Ancora un secolo dopo sono puramente indicativi di uno spazio aperto i paesaggi dei grandi pittori del primo Rinascimento, Masaccio, Paolo Uccello, Beato Angelico. Fantastici invece quelli dei loro colleghi attardati nello stile gotico cortese. Bisogna attendere il genio di Piero della Francesca per vedere specchiate nelle acque del Giordano i pendii naturali dell'alta valle del Tevere prestati all'ambientazione del battesimo di Cristo, o per leggere le terre e le acque oltre i profili dei signori di Montefeltro, dominanti sui loro territori. Nel nord Italia dopo il lancio troppo precoce a Castiglione Olona negli anni '30 del '400 del toscano Masolino, che delinea generici profili montuosi e li tinge con scarsa convinzione, la maturazione del bresciano Vincenzo Foppa nella resa del paesaggio che ambienta le storie di san Pietro Martire ha del prodigioso alla Cappella Portinari di Milano: gli alberi sono veri nello spazio prospettico che in lontananza registra persino le brume lombarde. Bisogna avere in mente queste premesse per apprezzare pienamente la rivoluzione della pittura veneta. Se il Mantegna predilige le rocce scheggiatee vi incastona città antiche frutto di un sogno umanistico, il suo cognato Giovanni Bellini, dopo i vasti teleri dipinti col fratello Gentile di una Venezia che ambienta storie sacre, indulge al naturalismo dei luoghi che accolgono personaggi sacri o profani. Ed è un progresso incessante e stupefacente di tecnica e di sensibilità nel pittore che invecchia migliorandosi: la "Trasfigurazione" del Museo Correr di Venezia, ancora gotica nell'impianto verticale, mantegnesca nel disegno "metallico" e drammatica, non lasciava presupporre la naturalezza della "Trasfigurazione" di Capodimonte, dipinta trent'anni dopo, in un paesaggio vero, d'ispirazione bucolica, avvolgente.

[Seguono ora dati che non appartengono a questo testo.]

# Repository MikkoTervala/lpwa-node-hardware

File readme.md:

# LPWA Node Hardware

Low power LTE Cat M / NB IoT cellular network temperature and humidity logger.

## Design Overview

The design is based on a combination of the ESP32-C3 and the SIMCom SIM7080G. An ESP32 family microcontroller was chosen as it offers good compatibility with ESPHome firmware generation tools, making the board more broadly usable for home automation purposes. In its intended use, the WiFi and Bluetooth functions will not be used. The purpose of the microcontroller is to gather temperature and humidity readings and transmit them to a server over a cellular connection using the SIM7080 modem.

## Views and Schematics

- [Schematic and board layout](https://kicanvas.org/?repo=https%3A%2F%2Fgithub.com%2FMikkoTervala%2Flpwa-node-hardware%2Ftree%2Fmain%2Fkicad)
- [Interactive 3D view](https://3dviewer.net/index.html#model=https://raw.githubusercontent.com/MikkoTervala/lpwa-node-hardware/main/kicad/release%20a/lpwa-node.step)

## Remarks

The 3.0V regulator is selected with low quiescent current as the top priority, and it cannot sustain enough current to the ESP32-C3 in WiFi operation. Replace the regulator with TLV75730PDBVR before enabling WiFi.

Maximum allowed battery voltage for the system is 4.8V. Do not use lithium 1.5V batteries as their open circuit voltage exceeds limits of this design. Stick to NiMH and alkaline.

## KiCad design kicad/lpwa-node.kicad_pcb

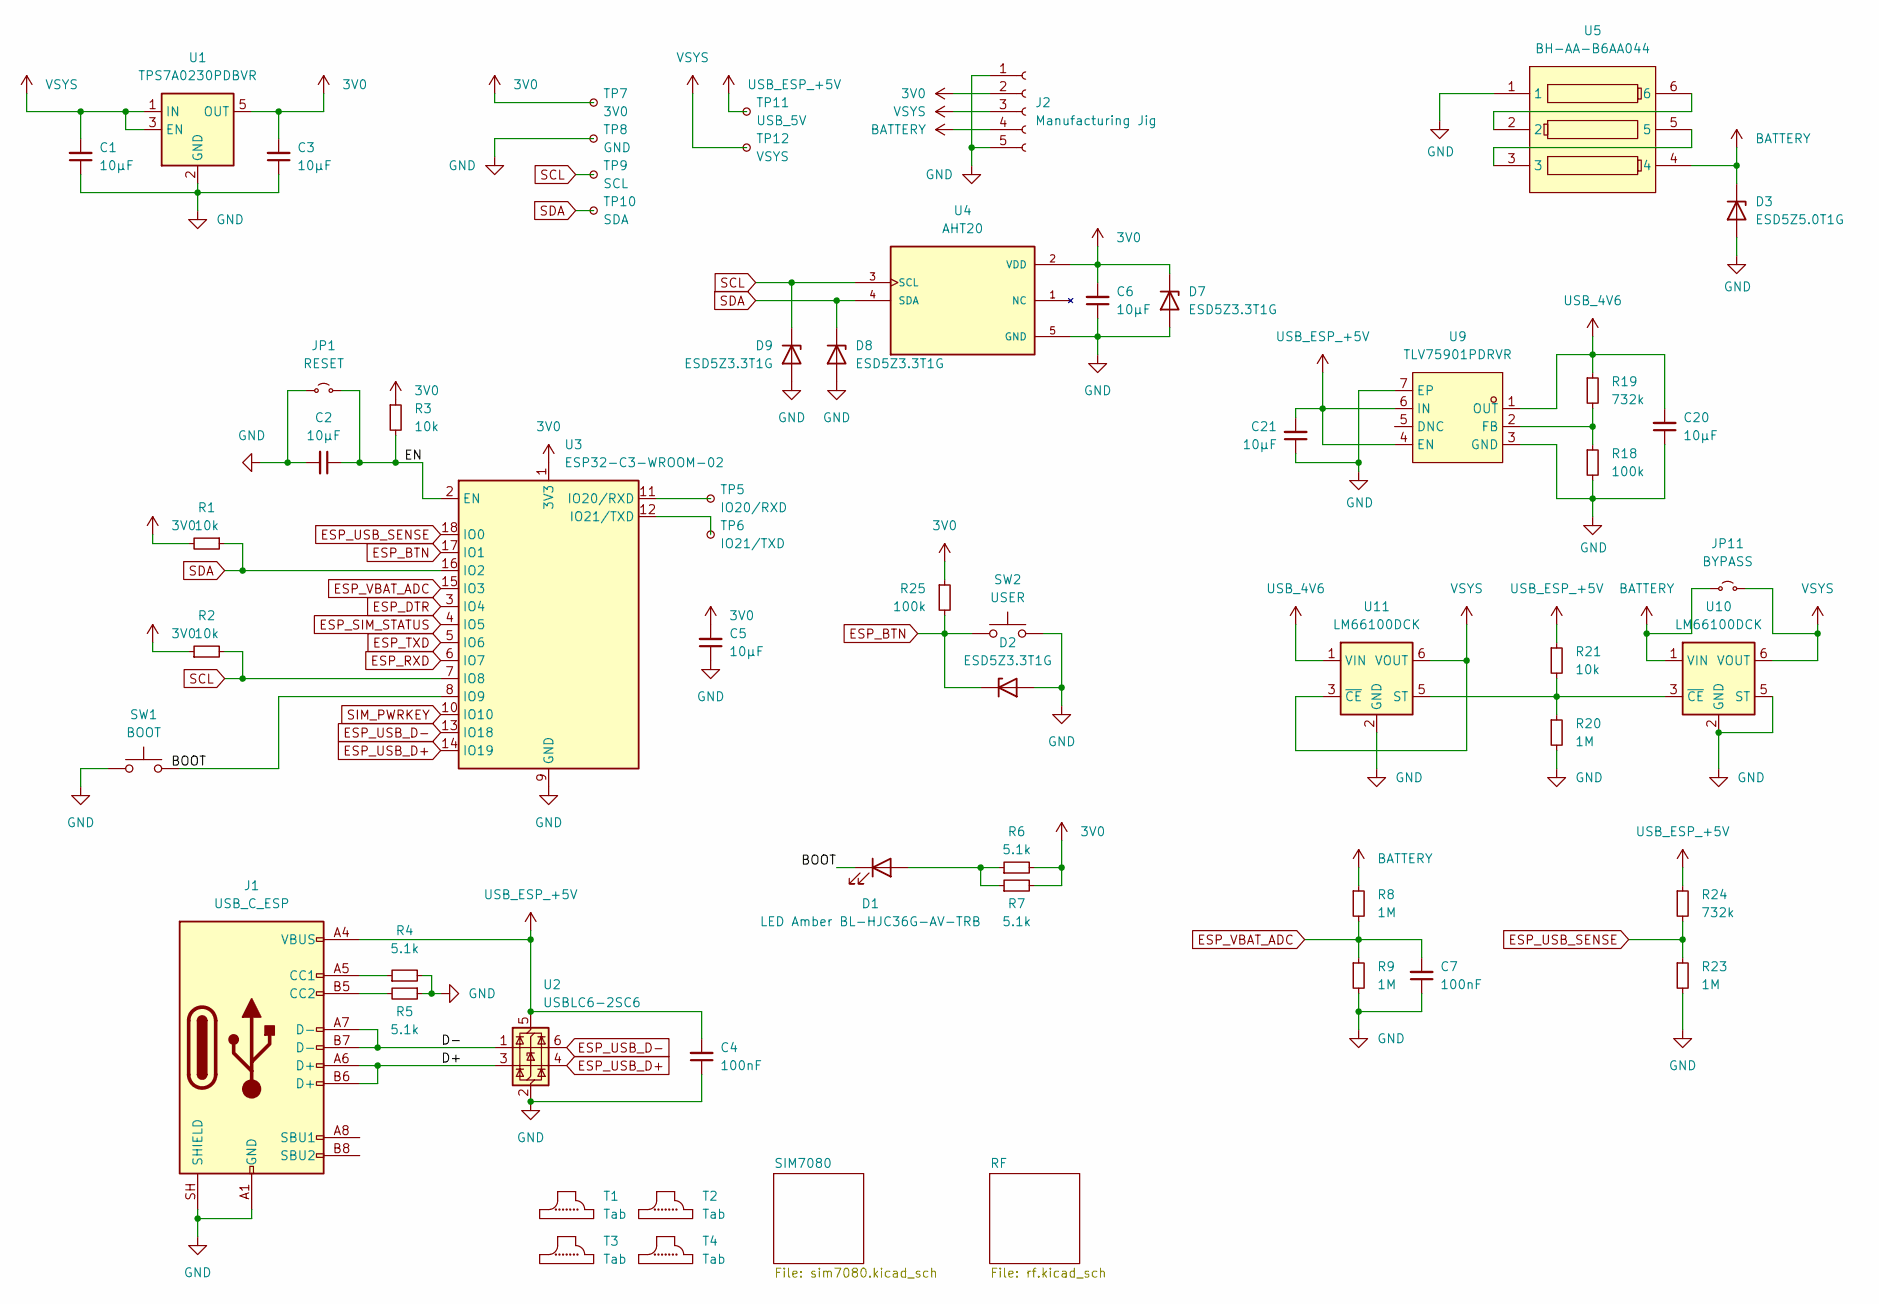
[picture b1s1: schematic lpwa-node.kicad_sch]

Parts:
C1, C2, C3, C5, C6, C20, C21: 10µF; C_0603_1608Metric; LCSC Part # C19702
C4, C7: 100nF; C_0603_1608Metric; LCSC Part # C161115
D1: LED Amber BL-HJC36G-AV-TRB; LED_0603_1608Metric; LCSC Part # C165983
D2, D7, D8, D9: ESD5Z3.3T1G; D_SOD-523; LCSC Part # C61148
D3: ESD5Z5.0T1G; D_SOD-523; LCSC Part # C82044
J1: USB_C_ESP; USB_C_Receptacle_HRO_TYPE-C-31-M-12; LCSC Part # C165948
J2: Manufacturing Jig; TestHeader_1x05_P2.54mm
JP1: RESET; SolderJumper-2_P1.3mm_Open_RoundedPad1.0x1.5mm
JP11: BYPASS; SolderJumper-2_P1.3mm_Open_RoundedPad1.0x1.5mm
R1, R2, R3, R21: 10k; R_0603_1608Metric; LCSC Part # C25804
R4, R5, R6, R7: 5.1k; R_0603_1608Metric; LCSC Part # C23186
R8, R9, R20, R23: 1M; R_0603_1608Metric; LCSC Part # C22935
R18, R25: 100k; R_0603_1608Metric; LCSC Part # C25803
R19, R24: 732k; R_0603_1608Metric; LCSC Part # C23239
SW1: BOOT; SW_Push_1P1T_XKB_TS-1187A; LCSC Part # C480267
SW2: USER; SW_Push_1P1T_XKB_TS-1187A; LCSC Part # C480267
T1, T2, T3, T4: Tab
TP5: IO20/RXD; TestPoint_Pad_D1.5mm
TP6: IO21/TXD; TestPoint_Pad_D1.5mm
TP7: 3V0; TestPoint_Pad_D1.5mm
TP8: GND; TestPoint_Pad_D1.5mm
TP9: SCL; TestPoint_Pad_D1.5mm
TP10: SDA; TestPoint_Pad_D1.5mm
TP11: USB_5V; TestPoint_Pad_D1.5mm
TP12: VSYS; TestPoint_Pad_D1.5mm
U1: TPS7A0230PDBVR; SOT-23-5; LCSC Part # C3747031
U2: USBLC6-2SC6; SOT-23-6; LCSC Part # C7519
U3: ESP32-C3-WROOM-02; LCSC Part # C2934560
U4: AHT20; PARTREV V1.0; LCSC Part # C3012622
U5: BH-AA-B6AA044; BAT-SMD_BH-AA-B6AA044; MPN BH-AA-B6AA044; LCSC Part # C19184082
U9: TLV75901PDRVR; WSON-6_L2.0-W2.0-P0.65-TL-EP; MPN TLV75901PDRVR; LCSC Part # C544759
U10, U11: LM66100DCK; SOT-363_SC-70-6; LCSC Part # C2869734

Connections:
3V0: C3.2, C5.2, C6.2, D7.1 (K), J2.2, R1.2, R2.1, R3.1, R6.2, R7.2, R25.1, TP7.1 (1_1), U1.5 (OUT), U3.1 (3V3), U4.2 (VDD); also elsewhere on the board
/BOOT: D1.1 (K), SW1.2, U3.8 (IO9)
/D+: J1.A6 (D+), J1.B6 (D+), U2.3 (I/O2)
/D-: J1.A7 (D-), J1.B7 (D-), U2.1 (I/O1)
/EN: C2.1, JP1.2 (B), R3.2, U3.2 (EN)
BATTERY: D3.1 (K), J2.4, JP11.1 (A), R8.1, U5.4, U10.1 (VIN)
ESP_BTN: D2.1 (K), R25.2, SW2.1, U3.17 (IO1)
ESP_DTR: U3.3 (IO4); also elsewhere on the board
ESP_RXD: U3.6 (IO7); also elsewhere on the board
ESP_SIM_STATUS: U3.4 (IO5); also elsewhere on the board
ESP_TXD: U3.5 (IO6); also elsewhere on the board
ESP_USB_D+: U2.4 (I/O2), U3.14 (IO19)
ESP_USB_D-: U2.6 (I/O1), U3.13 (IO18)
ESP_USB_SENSE: R23.1, R24.2, U3.18 (IO0)
ESP_VBAT_ADC: C7.2, R8.2, R9.1, U3.15 (IO3)
GND: C1.1, C2.2, C3.1, C4.1, C5.1, C6.1, C7.1, C20.1, C21.1, D2.2 (A), D3.2 (A), D7.2 (A), D8.2 (A), D9.2 (A), J1.A1 (GND), J1.A12 (GND), J1.B1 (GND), J1.B12 (GND), J1.SH (SHIELD), J2.1, J2.5, JP1.1 (A), R4.2, R5.1, R9.2, R18.2, R20.2, R23.2, SW1.1, SW2.2, TP8.1 (1_1), U1.2 (GND), U2.2 (GND), U3.9 (GND), U3.19 (GND), U4.5 (GND), U5.1, U9.3 (GND), U9.7 (EP), U10.2 (GND), U10.5 (ST), U11.2 (GND); also elsewhere on the board
unnamed: D1.2 (A), R6.1, R7.1
unnamed: J1.A5 (CC1), R4.1
unnamed: J1.B5 (CC2), R5.2
unnamed: TP5.1 (1_1), U3.11 (IO20/RXD)
unnamed: TP6.1 (1_1), U3.12 (IO21/TXD)
unnamed: U5.2, U5.6
unnamed: U5.3, U5.5
unnamed: R18.1, R19.2, U9.2 (FB)
unnamed: R20.1, R21.2, U10.3 (~CE), U11.5 (ST)
SCL: D9.1 (K), R2.2, TP9.1 (1_1), U3.7 (IO8), U4.3 (SCL)
SDA: D8.1 (K), R1.1, TP10.1 (1_1), U3.16 (IO2), U4.4 (SDA)
SIM_PWRKEY: U3.10 (IO10); also elsewhere on the board
USB_4V6: C20.2, R19.1, U9.1 (OUT), U11.1 (VIN)
USB_ESP_+5V: C4.2, C21.2, J1.A4 (VBUS), J1.A9 (VBUS), J1.B4 (VBUS), J1.B9 (VBUS), R21.1, R24.1, TP11.1 (1_1), U2.5 (VBUS), U9.4 (EN), U9.6 (IN)
VSYS: C1.2, J2.3, JP11.2 (B), TP12.1 (1_1), U1.1 (IN), U1.3 (EN), U10.6 (VOUT), U11.3 (~CE), U11.6 (VOUT); also elsewhere on the board

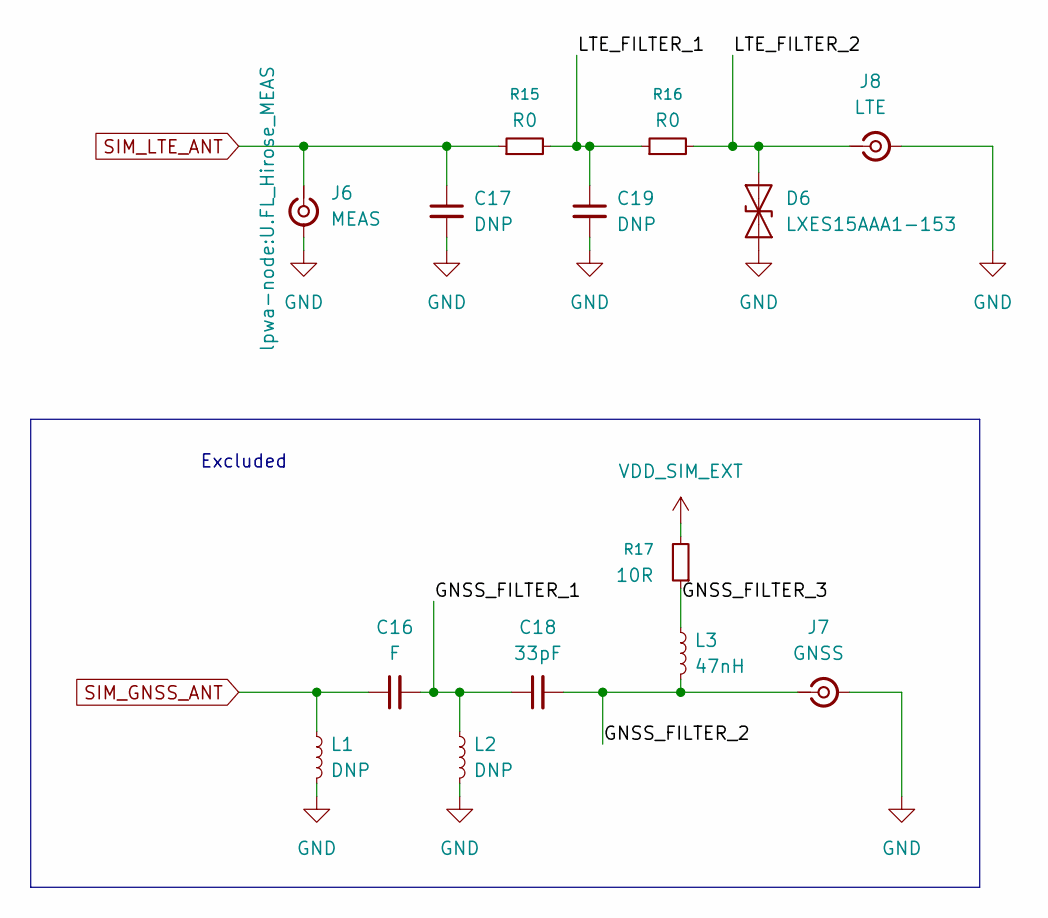
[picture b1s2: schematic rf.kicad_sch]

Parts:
C16: F; C_0402_1005Metric
C17, C19: DNP; C_0402_1005Metric
C18: 33pF; C_0402_1005Metric
D6: LXES15AAA1-153; D_SOD-882; LCSC Part # C7472903
J6: MEAS; U.FL_Hirose_MEAS; LCSC Part # C88374
J7: GNSS; U.FL_Hirose_U.FL-R-SMT-1_Vertical; LCSC Part # C88374
J8: LTE; U.FL_Hirose_U.FL-R-SMT-1_Vertical; LCSC Part # C88374
L1, L2: DNP; L_0402_1005Metric
L3: 47nH; L_0402_1005Metric
R15, R16: R0; R_0402_1005Metric; LCSC Part # C60485
R17: 10R; R_0402_1005Metric

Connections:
/RF/LTE_FILTER_1: C19.1, R15.2, R16.1
/RF/LTE_FILTER_2: D6.2 (A2), J8.1 (In), R16.2
GND: C17.2, C19.2, D6.1 (A1), J6.2 (Ext), J7.2 (Ext), J8.2 (Ext), L1.2, L2.2; also elsewhere on the board
unnamed: C16.1, L1.1
unnamed: C16.2, C18.1, L2.1
unnamed: C18.2, J7.1 (In), L3.2
unnamed: L3.1, R17.1
SIM_LTE_ANT: C17.1, J6.1 (In), R15.1; also elsewhere on the board

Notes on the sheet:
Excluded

Nella "Pietà" di Brera il paesaggio si perlustra come un sospiro, tirando letteralmente il fiato, allontanando lo sguardo, come lo allontana nell'altra direzione Giovanni, dall'insostenibile scena di dolore della Madre esausta accanto al figlio morto. Frontale invece è il castello di Gradara, quello di Paolo e Francesca, che s'inquadra nella cornice del trono dell'"Incoronazione di Maria" nella pala di Pesaro, e non sai se sia la veduta da una finestra o davvero il primo quadro tutto di paesaggio. L'ambiguità rivela la remora nell'introdurre un'immagine di realtà nel tema sacro di una pala d'altare. Bellini non si crea il problema nei dipinti religiosi di devozione privata come la Madonna del Prato. Ma sarà Giorgione a tagliare il nodo gordiano, distendendo a tutto campo alberi, castelli e colline dietro la parete dalla pala di Castelfranco. E di lì la strada sarà aperta per Tiziano, Lotto, Tintoretto, Bassano e molti altri in mostra.